- [WORK TO BE COMPLETED]: Give, as a bare number, the count of lines below that contain "ezdxf".

- [PROVIDED ENTRIES]:

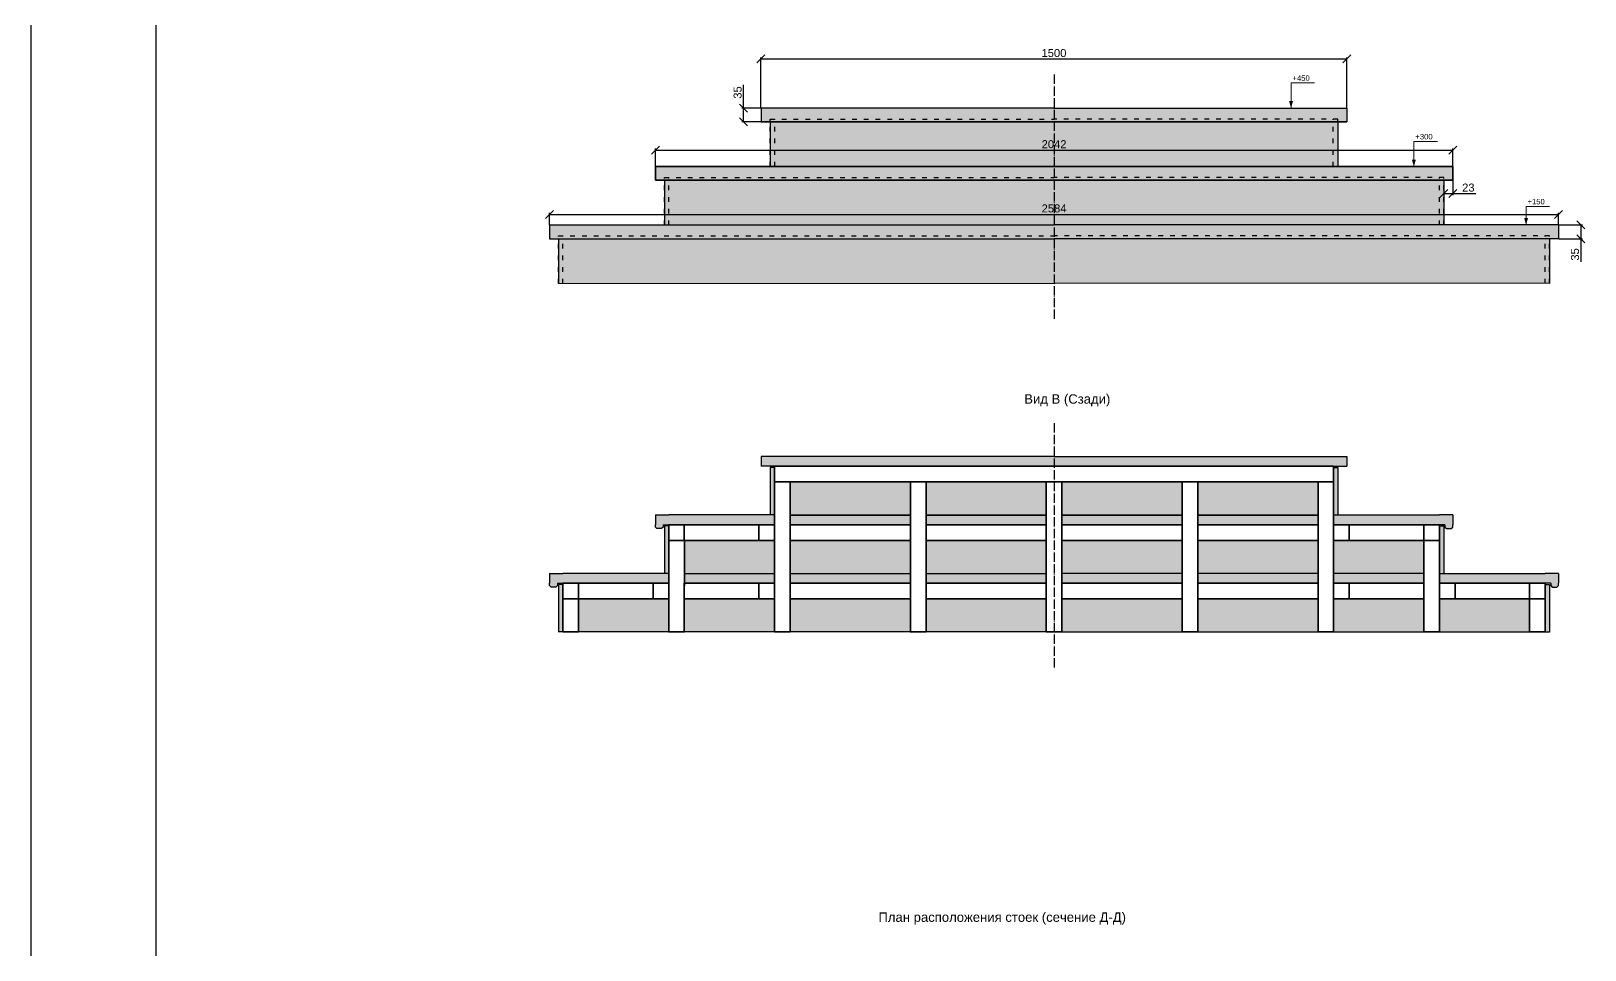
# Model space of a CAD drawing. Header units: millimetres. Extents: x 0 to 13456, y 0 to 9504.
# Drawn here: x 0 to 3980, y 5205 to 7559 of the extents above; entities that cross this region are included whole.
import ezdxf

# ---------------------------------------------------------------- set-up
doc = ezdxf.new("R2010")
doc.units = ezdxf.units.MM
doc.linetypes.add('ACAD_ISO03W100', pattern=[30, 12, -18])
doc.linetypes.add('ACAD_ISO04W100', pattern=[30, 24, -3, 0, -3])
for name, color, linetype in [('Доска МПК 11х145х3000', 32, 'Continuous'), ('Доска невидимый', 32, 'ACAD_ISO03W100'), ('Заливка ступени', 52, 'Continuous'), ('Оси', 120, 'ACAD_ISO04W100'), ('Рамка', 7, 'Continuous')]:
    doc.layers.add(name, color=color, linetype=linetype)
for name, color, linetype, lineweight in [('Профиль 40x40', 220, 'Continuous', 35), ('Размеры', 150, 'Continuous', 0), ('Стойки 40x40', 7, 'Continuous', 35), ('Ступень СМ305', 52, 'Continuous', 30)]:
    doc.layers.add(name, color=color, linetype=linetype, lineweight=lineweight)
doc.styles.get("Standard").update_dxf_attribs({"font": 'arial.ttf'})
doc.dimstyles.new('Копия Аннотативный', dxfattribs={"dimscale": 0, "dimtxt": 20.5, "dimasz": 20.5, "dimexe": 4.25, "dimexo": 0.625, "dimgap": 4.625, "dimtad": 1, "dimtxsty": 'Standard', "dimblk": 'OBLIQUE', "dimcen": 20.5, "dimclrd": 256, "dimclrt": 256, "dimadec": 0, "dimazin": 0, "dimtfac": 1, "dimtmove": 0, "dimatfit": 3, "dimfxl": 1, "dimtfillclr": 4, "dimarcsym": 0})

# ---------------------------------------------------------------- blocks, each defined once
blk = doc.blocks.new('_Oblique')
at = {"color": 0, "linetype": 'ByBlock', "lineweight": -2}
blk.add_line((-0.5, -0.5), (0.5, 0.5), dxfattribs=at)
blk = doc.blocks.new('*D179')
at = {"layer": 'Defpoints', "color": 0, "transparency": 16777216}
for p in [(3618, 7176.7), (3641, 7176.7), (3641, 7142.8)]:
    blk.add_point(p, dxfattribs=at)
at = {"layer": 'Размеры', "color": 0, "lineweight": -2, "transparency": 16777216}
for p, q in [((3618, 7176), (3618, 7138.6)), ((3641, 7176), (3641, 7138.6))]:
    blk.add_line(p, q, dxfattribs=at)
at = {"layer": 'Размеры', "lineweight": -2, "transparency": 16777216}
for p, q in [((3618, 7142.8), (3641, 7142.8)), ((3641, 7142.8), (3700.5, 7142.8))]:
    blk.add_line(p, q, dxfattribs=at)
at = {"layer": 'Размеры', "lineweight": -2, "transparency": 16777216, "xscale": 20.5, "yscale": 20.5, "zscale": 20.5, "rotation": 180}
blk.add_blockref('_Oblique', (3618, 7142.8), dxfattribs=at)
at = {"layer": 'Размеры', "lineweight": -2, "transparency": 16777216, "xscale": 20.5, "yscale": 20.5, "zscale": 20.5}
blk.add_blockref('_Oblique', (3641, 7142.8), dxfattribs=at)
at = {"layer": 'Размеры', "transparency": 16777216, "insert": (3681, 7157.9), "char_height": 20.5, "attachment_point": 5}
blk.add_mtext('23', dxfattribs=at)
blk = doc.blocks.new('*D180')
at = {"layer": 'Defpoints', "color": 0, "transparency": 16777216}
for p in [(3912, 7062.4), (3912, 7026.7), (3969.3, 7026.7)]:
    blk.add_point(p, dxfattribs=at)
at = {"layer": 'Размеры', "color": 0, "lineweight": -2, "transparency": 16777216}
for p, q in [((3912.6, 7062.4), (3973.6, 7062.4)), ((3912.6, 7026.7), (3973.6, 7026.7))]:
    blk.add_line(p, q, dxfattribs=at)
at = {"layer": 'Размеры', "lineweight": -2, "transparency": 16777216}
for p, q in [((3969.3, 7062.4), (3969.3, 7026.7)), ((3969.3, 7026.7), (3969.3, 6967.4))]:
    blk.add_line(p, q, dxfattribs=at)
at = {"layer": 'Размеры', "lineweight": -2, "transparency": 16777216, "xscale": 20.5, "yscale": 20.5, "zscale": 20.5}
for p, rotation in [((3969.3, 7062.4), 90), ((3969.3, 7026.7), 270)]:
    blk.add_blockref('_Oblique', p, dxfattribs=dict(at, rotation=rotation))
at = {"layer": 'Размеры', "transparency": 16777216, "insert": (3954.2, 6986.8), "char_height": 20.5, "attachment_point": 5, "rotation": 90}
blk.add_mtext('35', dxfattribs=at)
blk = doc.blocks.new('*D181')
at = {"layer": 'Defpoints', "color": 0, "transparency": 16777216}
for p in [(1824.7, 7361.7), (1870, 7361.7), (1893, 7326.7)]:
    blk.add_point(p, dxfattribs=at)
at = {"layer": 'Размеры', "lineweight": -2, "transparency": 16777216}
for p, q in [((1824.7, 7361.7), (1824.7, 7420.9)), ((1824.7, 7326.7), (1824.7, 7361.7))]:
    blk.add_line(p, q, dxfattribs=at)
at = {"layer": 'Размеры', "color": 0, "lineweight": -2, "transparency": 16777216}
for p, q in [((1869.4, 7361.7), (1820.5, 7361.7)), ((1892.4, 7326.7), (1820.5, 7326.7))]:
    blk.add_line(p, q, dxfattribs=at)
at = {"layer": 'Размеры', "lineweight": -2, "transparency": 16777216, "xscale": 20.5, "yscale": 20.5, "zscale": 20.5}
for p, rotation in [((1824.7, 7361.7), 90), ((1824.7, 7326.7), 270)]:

- [YOUR SOLUTION]: 3